The OP has already established that \begin{align} \lambda(x;u+v)\leq\max(\lambda(x;u),\lambda(x;v))\tag{1}\label{one} \end{align}

Notice that $\lambda(x;\alpha v)=\lambda(x;v)$ for all scalar $\alpha\neq0$ and vector $v\neq0$.

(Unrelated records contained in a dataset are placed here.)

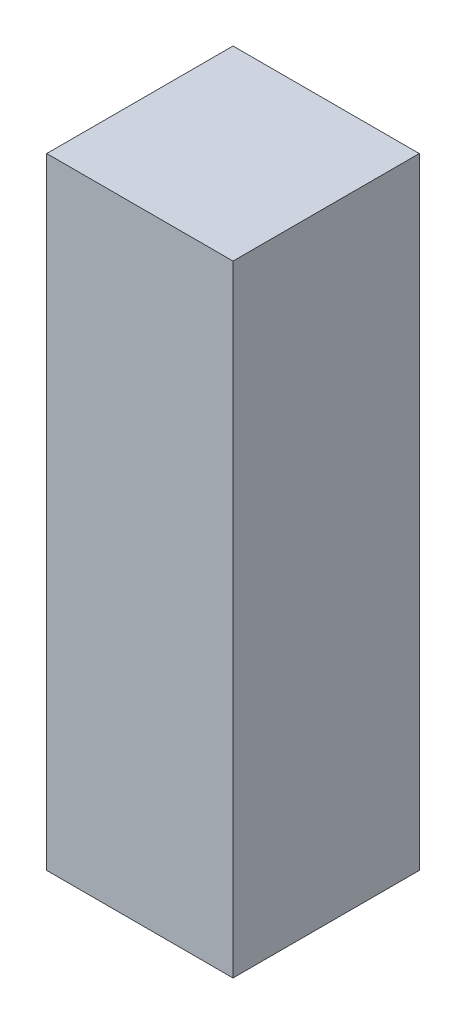
ISO-10303-21;
HEADER;
FILE_DESCRIPTION(('STEP AP214'),'2;1');
FILE_NAME('part.step','',(''),(''),'','','');
FILE_SCHEMA(('AUTOMOTIVE_DESIGN { 1 0 10303 214 1 1 1 1 }'));
ENDSEC;
DATA;
#1=APPLICATION_CONTEXT('core data for automotive mechanical design processes');
#2=APPLICATION_PROTOCOL_DEFINITION('international standard','automotive_design',2000,#1);
#3=PRODUCT_CONTEXT('',#1,'mechanical');
#4=PRODUCT('Part','Part','',(#3));
#5=PRODUCT_RELATED_PRODUCT_CATEGORY('part','',(#4));
#6=PRODUCT_DEFINITION_FORMATION('','',#4);
#7=PRODUCT_DEFINITION_CONTEXT('part definition',#1,'design');
#8=PRODUCT_DEFINITION('design','',#6,#7);
#9=PRODUCT_DEFINITION_SHAPE('','',#8);
#10=(LENGTH_UNIT() NAMED_UNIT(*) SI_UNIT(.MILLI.,.METRE.));
#11=(NAMED_UNIT(*) PLANE_ANGLE_UNIT() SI_UNIT($,.RADIAN.));
#12=(NAMED_UNIT(*) SI_UNIT($,.STERADIAN.) SOLID_ANGLE_UNIT());
#13=UNCERTAINTY_MEASURE_WITH_UNIT(LENGTH_MEASURE(1.E-05),#10,'distance_accuracy_value','');
#14=(GEOMETRIC_REPRESENTATION_CONTEXT(3) GLOBAL_UNCERTAINTY_ASSIGNED_CONTEXT((#13)) GLOBAL_UNIT_ASSIGNED_CONTEXT((#10,
#11,#12)) REPRESENTATION_CONTEXT('',''));
#15=CARTESIAN_POINT('',(0.,0.,0.));
#16=DIRECTION('',(0.,0.,1.));
#17=DIRECTION('',(1.,0.,0.));
#18=AXIS2_PLACEMENT_3D('',#15,#16,#17);
#19=CARTESIAN_POINT('',(19.05,127.,19.05));
#20=DIRECTION('',(-1.,0.,0.));
#21=DIRECTION('',(0.,0.,1.));
#22=AXIS2_PLACEMENT_3D('',#19,#20,#21);
#23=PLANE('',#22);
#24=DIRECTION('',(0.,0.,-1.));
#25=VECTOR('',#24,1.);
#26=CARTESIAN_POINT('',(19.05,0.,19.05));
#27=LINE('',#26,#25);
#28=CARTESIAN_POINT('',(19.05,0.,19.05));
#29=VERTEX_POINT('',#28);
#30=CARTESIAN_POINT('',(19.05,0.,-19.05));
#31=VERTEX_POINT('',#30);
#32=EDGE_CURVE('E96',#29,#31,#27,.T.);
#33=ORIENTED_EDGE('',*,*,#32,.T.);
#34=DIRECTION('',(0.,-1.,0.));
#35=VECTOR('',#34,1.);
#36=CARTESIAN_POINT('',(19.05,127.,-19.05));
#37=LINE('',#36,#35);
#38=CARTESIAN_POINT('',(19.05,127.,-19.05));
#39=VERTEX_POINT('',#38);
#40=EDGE_CURVE('E11',#39,#31,#37,.T.);
#41=ORIENTED_EDGE('',*,*,#40,.F.);
#42=DIRECTION('',(0.,0.,-1.));
#43=VECTOR('',#42,1.);
#44=CARTESIAN_POINT('',(19.05,127.,19.05));
#45=LINE('',#44,#43);
#46=CARTESIAN_POINT('',(19.05,127.,19.05));
#47=VERTEX_POINT('',#46);
#48=EDGE_CURVE('E84',#47,#39,#45,.T.);
#49=ORIENTED_EDGE('',*,*,#48,.F.);
#50=DIRECTION('',(0.,-1.,0.));
#51=VECTOR('',#50,1.);
#52=CARTESIAN_POINT('',(19.05,127.,19.05));
#53=LINE('',#52,#51);
#54=EDGE_CURVE('E92',#47,#29,#53,.T.);
#55=ORIENTED_EDGE('',*,*,#54,.T.);
#56=EDGE_LOOP('',(#33,#41,#49,#55));
#57=FACE_BOUND('',#56,.T.);
#58=ADVANCED_FACE('F33',(#57),#23,.F.);
#59=CARTESIAN_POINT('',(-19.05,127.,-19.05));
#60=DIRECTION('',(0.,0.,1.));
#61=DIRECTION('',(1.,0.,0.));
#62=AXIS2_PLACEMENT_3D('',#59,#60,#61);
#63=PLANE('',#62);
#64=DIRECTION('',(-1.,0.,0.));
#65=VECTOR('',#64,1.);
#66=CARTESIAN_POINT('',(-19.05,0.,-19.05));
#67=LINE('',#66,#65);
#68=CARTESIAN_POINT('',(-19.05,0.,-19.05));
#69=VERTEX_POINT('',#68);
#70=EDGE_CURVE('E88',#31,#69,#67,.T.);
#71=ORIENTED_EDGE('',*,*,#70,.T.);
#72=DIRECTION('',(0.,-1.,0.));
#73=VECTOR('',#72,1.);
#74=CARTESIAN_POINT('',(-19.05,127.,-19.05));
#75=LINE('',#74,#73);
#76=CARTESIAN_POINT('',(-19.05,127.,-19.05));
#77=VERTEX_POINT('',#76);
#78=EDGE_CURVE('E41',#77,#69,#75,.T.);
#79=ORIENTED_EDGE('',*,*,#78,.F.);
#80=DIRECTION('',(-1.,0.,0.));
#81=VECTOR('',#80,1.);
#82=CARTESIAN_POINT('',(-19.05,127.,-19.05));
#83=LINE('',#82,#81);
#84=EDGE_CURVE('E79',#39,#77,#83,.T.);
#85=ORIENTED_EDGE('',*,*,#84,.F.);
#86=ORIENTED_EDGE('',*,*,#40,.T.);
#87=EDGE_LOOP('',(#71,#79,#85,#86));
#88=FACE_BOUND('',#87,.T.);
#89=ADVANCED_FACE('F87',(#88),#63,.F.);
#90=CARTESIAN_POINT('',(-19.05,127.,19.05));
#91=DIRECTION('',(1.,0.,0.));
#92=DIRECTION('',(0.,0.,-1.));
#93=AXIS2_PLACEMENT_3D('',#90,#91,#92);
#94=PLANE('',#93);
#95=DIRECTION('',(0.,0.,1.));
#96=VECTOR('',#95,1.);
#97=CARTESIAN_POINT('',(-19.05,0.,19.05));
#98=LINE('',#97,#96);
#99=CARTESIAN_POINT('',(-19.05,0.,19.05));
#100=VERTEX_POINT('',#99);
#101=EDGE_CURVE('E66',#69,#100,#98,.T.);
#102=ORIENTED_EDGE('',*,*,#101,.T.);
#103=DIRECTION('',(0.,-1.,0.));
#104=VECTOR('',#103,1.);
#105=CARTESIAN_POINT('',(-19.05,127.,19.05));
#106=LINE('',#105,#104);
#107=CARTESIAN_POINT('',(-19.05,127.,19.05));
#108=VERTEX_POINT('',#107);
#109=EDGE_CURVE('E89',#108,#100,#106,.T.);
#110=ORIENTED_EDGE('',*,*,#109,.F.);
#111=DIRECTION('',(0.,0.,1.));
#112=VECTOR('',#111,1.);
#113=CARTESIAN_POINT('',(-19.05,127.,19.05));
#114=LINE('',#113,#112);
#115=EDGE_CURVE('E82',#77,#108,#114,.T.);
#116=ORIENTED_EDGE('',*,*,#115,.F.);
#117=ORIENTED_EDGE('',*,*,#78,.T.);
#118=EDGE_LOOP('',(#102,#110,#116,#117));
#119=FACE_BOUND('',#118,.T.);
#120=ADVANCED_FACE('F90',(#119),#94,.F.);
#121=CARTESIAN_POINT('',(-19.05,127.,19.05));
#122=DIRECTION('',(0.,0.,-1.));
#123=DIRECTION('',(-1.,0.,0.));
#124=AXIS2_PLACEMENT_3D('',#121,#122,#123);
#125=PLANE('',#124);
#126=DIRECTION('',(1.,0.,0.));
#127=VECTOR('',#126,1.);
#128=CARTESIAN_POINT('',(-19.05,0.,19.05));
#129=LINE('',#128,#127);
#130=EDGE_CURVE('E72',#100,#29,#129,.T.);
#131=ORIENTED_EDGE('',*,*,#130,.T.);
#132=ORIENTED_EDGE('',*,*,#54,.F.);
#133=DIRECTION('',(1.,0.,0.));
#134=VECTOR('',#133,1.);
#135=CARTESIAN_POINT('',(-19.05,127.,19.05));
#136=LINE('',#135,#134);
#137=EDGE_CURVE('E49',#108,#47,#136,.T.);
#138=ORIENTED_EDGE('',*,*,#137,.F.);
#139=ORIENTED_EDGE('',*,*,#109,.T.);
#140=EDGE_LOOP('',(#131,#132,#138,#139));
#141=FACE_BOUND('',#140,.T.);
#142=ADVANCED_FACE('F103',(#141),#125,.F.);
#143=CARTESIAN_POINT('',(0.,127.,0.));
#144=DIRECTION('',(0.,-1.,0.));
#145=DIRECTION('',(0.,0.,-1.));
#146=AXIS2_PLACEMENT_3D('',#143,#144,#145);
#147=PLANE('',#146);
#148=ORIENTED_EDGE('',*,*,#48,.T.);
#149=ORIENTED_EDGE('',*,*,#84,.T.);
#150=ORIENTED_EDGE('',*,*,#115,.T.);
#151=ORIENTED_EDGE('',*,*,#137,.T.);
#152=EDGE_LOOP('',(#148,#149,#150,#151));
#153=FACE_BOUND('',#152,.T.);
#154=ADVANCED_FACE('F80',(#153),#147,.F.);
#155=CARTESIAN_POINT('',(0.,0.,0.));
#156=DIRECTION('',(0.,-1.,0.));
#157=DIRECTION('',(0.,0.,-1.));
#158=AXIS2_PLACEMENT_3D('',#155,#156,#157);
#159=PLANE('',#158);
#160=ORIENTED_EDGE('',*,*,#32,.F.);
#161=ORIENTED_EDGE('',*,*,#130,.F.);
#162=ORIENTED_EDGE('',*,*,#101,.F.);
#163=ORIENTED_EDGE('',*,*,#70,.F.);
#164=EDGE_LOOP('',(#160,#161,#162,#163));
#165=FACE_BOUND('',#164,.T.);
#166=ADVANCED_FACE('F106',(#165),#159,.T.);
#167=CLOSED_SHELL('',(#58,#89,#120,#142,#154,#166));
#168=MANIFOLD_SOLID_BREP('B2',#167);
#169=ADVANCED_BREP_SHAPE_REPRESENTATION('',(#18,#168),#14);
#170=SHAPE_DEFINITION_REPRESENTATION(#9,#169);
ENDSEC;
END-ISO-10303-21;

Suppose $\lambda(x;u)\neq\lambda(x;v)$ and w.l.g., $\lambda(x;v)<\lambda(x,u)$ so that $\max(\lambda(x;u),\lambda(x;v))=\lambda(x;u)$. Applying \eqref{one} yields $$\lambda(x;v+u)\leq\lambda(x;u)=\lambda(x;u+v-v)\leq\max\{\lambda(x;u+v),\lambda(x;v)\}$$ If $\lambda(x;u+v)\leq\lambda(x;v)$, then $\lambda(x;u)\leq \lambda(x;v)$ which leads to a contradiction. Therefore $\lambda(x;u+v)> \lambda(x;v)$ and so \begin{align} \lambda(x;u+v)=\lambda(x;u)=\max\{\lambda(x;v),\lambda(x;u)\} \tag{2}\label{two} \end{align}

This case is weaker than what the OP states in the posting ( $u+v\neq0$ ). The best I have obtain in that direction is \begin{align} \lambda(x;u+v)&\leq \max\{\lambda(x,u),\lambda(x,v)\}\\ &=\limsup_n\frac1n\log\big(\sqrt{\|A^n(x)u\|^2+\|A^n(x)v\|^2}\big)\\ &=\limsup_n\frac1n\log\Big(\sqrt{\frac{\|A^n(x)(u+v)\|^2+\|A^n(x)(u-v)\|^2}{2}}\Big)\\ &=\limsup_n\frac{1}{2n}\log\big(\|A^n(x)(u+v)\|^2+\|A^n(x)(u-v)\|^2\big)\\ &=\max\big\{\lambda(x;u+v),\lambda(x,u-v)\big\} \end{align} which follows from the identity \begin{align} \limsup_n\frac1n\log(a_n+b_n)&=\max\big\{\limsup_n\frac1n\log(a_n),\limsup_n\frac1n\log(b_n)\big\}\\ &=\limsup_n\frac1n\log\big(\sqrt{a^2_n+b^2_n}\big) \end{align} for sequences $a_n,b_n>0$.

Edit: As user John B has shown, the statement of the problem as it appears in M. Viana's textbook does not hold in general when $\lambda(x,u)=\lambda(x,v)$.